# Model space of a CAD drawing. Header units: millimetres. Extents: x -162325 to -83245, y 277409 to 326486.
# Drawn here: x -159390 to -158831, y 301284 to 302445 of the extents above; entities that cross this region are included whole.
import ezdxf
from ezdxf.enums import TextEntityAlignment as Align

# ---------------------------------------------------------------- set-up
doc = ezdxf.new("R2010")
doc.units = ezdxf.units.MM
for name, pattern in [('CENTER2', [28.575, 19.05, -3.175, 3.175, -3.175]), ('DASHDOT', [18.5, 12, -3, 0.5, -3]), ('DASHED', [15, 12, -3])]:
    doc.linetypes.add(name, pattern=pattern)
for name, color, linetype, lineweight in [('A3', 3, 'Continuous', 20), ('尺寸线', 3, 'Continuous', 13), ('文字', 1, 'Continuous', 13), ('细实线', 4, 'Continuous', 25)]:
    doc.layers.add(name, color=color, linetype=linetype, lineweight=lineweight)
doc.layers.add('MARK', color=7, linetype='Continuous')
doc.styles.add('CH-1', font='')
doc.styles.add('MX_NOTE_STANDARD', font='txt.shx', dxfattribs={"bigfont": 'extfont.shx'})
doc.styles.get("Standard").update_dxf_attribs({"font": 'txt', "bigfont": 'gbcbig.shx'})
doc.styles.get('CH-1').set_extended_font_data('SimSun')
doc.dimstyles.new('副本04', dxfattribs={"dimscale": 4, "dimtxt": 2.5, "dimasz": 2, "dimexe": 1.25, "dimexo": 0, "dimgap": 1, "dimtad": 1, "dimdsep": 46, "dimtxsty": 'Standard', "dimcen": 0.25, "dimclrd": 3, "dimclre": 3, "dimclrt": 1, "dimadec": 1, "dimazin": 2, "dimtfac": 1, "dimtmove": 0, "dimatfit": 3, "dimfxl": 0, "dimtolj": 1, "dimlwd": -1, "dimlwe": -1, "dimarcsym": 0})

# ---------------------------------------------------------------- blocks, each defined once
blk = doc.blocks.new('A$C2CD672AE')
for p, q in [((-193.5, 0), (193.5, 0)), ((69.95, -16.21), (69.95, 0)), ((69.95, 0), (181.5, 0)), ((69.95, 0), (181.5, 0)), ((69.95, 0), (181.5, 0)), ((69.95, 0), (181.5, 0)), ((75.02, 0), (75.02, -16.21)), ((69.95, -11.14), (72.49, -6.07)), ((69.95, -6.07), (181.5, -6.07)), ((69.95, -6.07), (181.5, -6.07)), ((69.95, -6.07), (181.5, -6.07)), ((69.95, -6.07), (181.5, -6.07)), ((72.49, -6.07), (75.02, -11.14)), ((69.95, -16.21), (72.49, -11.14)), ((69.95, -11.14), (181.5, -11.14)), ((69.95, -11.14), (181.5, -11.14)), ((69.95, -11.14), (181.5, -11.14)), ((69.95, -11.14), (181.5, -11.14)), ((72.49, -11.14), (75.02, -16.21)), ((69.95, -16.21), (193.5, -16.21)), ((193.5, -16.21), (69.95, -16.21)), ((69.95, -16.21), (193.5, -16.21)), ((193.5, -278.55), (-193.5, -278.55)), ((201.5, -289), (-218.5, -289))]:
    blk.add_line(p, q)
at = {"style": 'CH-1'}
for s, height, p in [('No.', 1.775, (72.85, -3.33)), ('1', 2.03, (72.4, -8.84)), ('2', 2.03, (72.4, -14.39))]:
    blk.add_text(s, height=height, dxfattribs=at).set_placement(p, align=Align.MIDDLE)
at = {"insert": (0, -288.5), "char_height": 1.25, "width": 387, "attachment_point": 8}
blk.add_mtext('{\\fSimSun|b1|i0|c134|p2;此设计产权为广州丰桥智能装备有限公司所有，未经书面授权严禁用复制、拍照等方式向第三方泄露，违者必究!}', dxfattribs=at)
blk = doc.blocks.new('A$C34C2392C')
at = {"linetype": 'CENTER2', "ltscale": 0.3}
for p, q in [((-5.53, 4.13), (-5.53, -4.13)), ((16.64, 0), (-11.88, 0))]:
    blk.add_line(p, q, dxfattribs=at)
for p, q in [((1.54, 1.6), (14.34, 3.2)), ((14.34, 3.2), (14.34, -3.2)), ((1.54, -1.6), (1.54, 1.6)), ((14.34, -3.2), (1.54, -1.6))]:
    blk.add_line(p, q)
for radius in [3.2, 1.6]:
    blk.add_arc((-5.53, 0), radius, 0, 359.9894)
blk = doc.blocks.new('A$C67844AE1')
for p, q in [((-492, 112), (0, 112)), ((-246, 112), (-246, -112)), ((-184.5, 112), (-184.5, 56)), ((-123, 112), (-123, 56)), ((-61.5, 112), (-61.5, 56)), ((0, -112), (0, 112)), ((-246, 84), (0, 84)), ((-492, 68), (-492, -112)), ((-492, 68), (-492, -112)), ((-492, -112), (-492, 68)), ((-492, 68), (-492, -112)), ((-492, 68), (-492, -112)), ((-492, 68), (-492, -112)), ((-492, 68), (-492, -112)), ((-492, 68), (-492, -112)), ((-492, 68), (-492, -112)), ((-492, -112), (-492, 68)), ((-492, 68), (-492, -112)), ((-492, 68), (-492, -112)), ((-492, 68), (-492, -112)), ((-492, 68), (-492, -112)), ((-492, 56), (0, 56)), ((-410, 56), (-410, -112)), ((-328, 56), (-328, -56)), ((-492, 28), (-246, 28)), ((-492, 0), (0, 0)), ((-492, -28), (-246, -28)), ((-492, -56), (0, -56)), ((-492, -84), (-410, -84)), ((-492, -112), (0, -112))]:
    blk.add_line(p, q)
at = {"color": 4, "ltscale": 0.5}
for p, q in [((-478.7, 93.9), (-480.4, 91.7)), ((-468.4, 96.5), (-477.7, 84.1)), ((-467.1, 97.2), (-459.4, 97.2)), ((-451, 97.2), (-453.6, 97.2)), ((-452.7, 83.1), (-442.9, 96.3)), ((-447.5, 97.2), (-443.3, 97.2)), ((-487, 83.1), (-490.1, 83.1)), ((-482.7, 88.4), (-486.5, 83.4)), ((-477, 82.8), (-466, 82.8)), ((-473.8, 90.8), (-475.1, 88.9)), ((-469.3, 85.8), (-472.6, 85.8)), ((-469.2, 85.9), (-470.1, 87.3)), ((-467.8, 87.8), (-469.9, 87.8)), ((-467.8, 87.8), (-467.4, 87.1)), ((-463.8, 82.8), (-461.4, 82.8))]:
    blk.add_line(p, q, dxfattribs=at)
━━━━━━━━━━━━━━━━
• **EXERCISE DESCRIPTION**:
The reply should consist solely of the lines above from the one that has "color=color, linetype=linetype, lineweight=lineweight)" through the one that has "blk = doc.blocks.new('A$C2CD672AE')", reproduced exactly.

• **WRITTEN SOLUTION**:
    doc.layers.add(name, color=color, linetype=linetype, lineweight=lineweight)
doc.layers.add('MARK', color=7, linetype='Continuous')
doc.styles.add('CH-1', font='')
doc.styles.add('MX_NOTE_STANDARD', font='txt.shx', dxfattribs={"bigfont": 'extfont.shx'})
doc.styles.get("Standard").update_dxf_attribs({"font": 'txt', "bigfont": 'gbcbig.shx'})
doc.styles.get('CH-1').set_extended_font_data('SimSun')
doc.dimstyles.new('副本04', dxfattribs={"dimscale": 4, "dimtxt": 2.5, "dimasz": 2, "dimexe": 1.25, "dimexo": 0, "dimgap": 1, "dimtad": 1, "dimdsep": 46, "dimtxsty": 'Standard', "dimcen": 0.25, "dimclrd": 3, "dimclre": 3, "dimclrt": 1, "dimadec": 1, "dimazin": 2, "dimtfac": 1, "dimtmove": 0, "dimatfit": 3, "dimfxl": 0, "dimtolj": 1, "dimlwd": -1, "dimlwe": -1, "dimarcsym": 0})

# ---------------------------------------------------------------- blocks, each defined once
blk = doc.blocks.new('A$C2CD672AE')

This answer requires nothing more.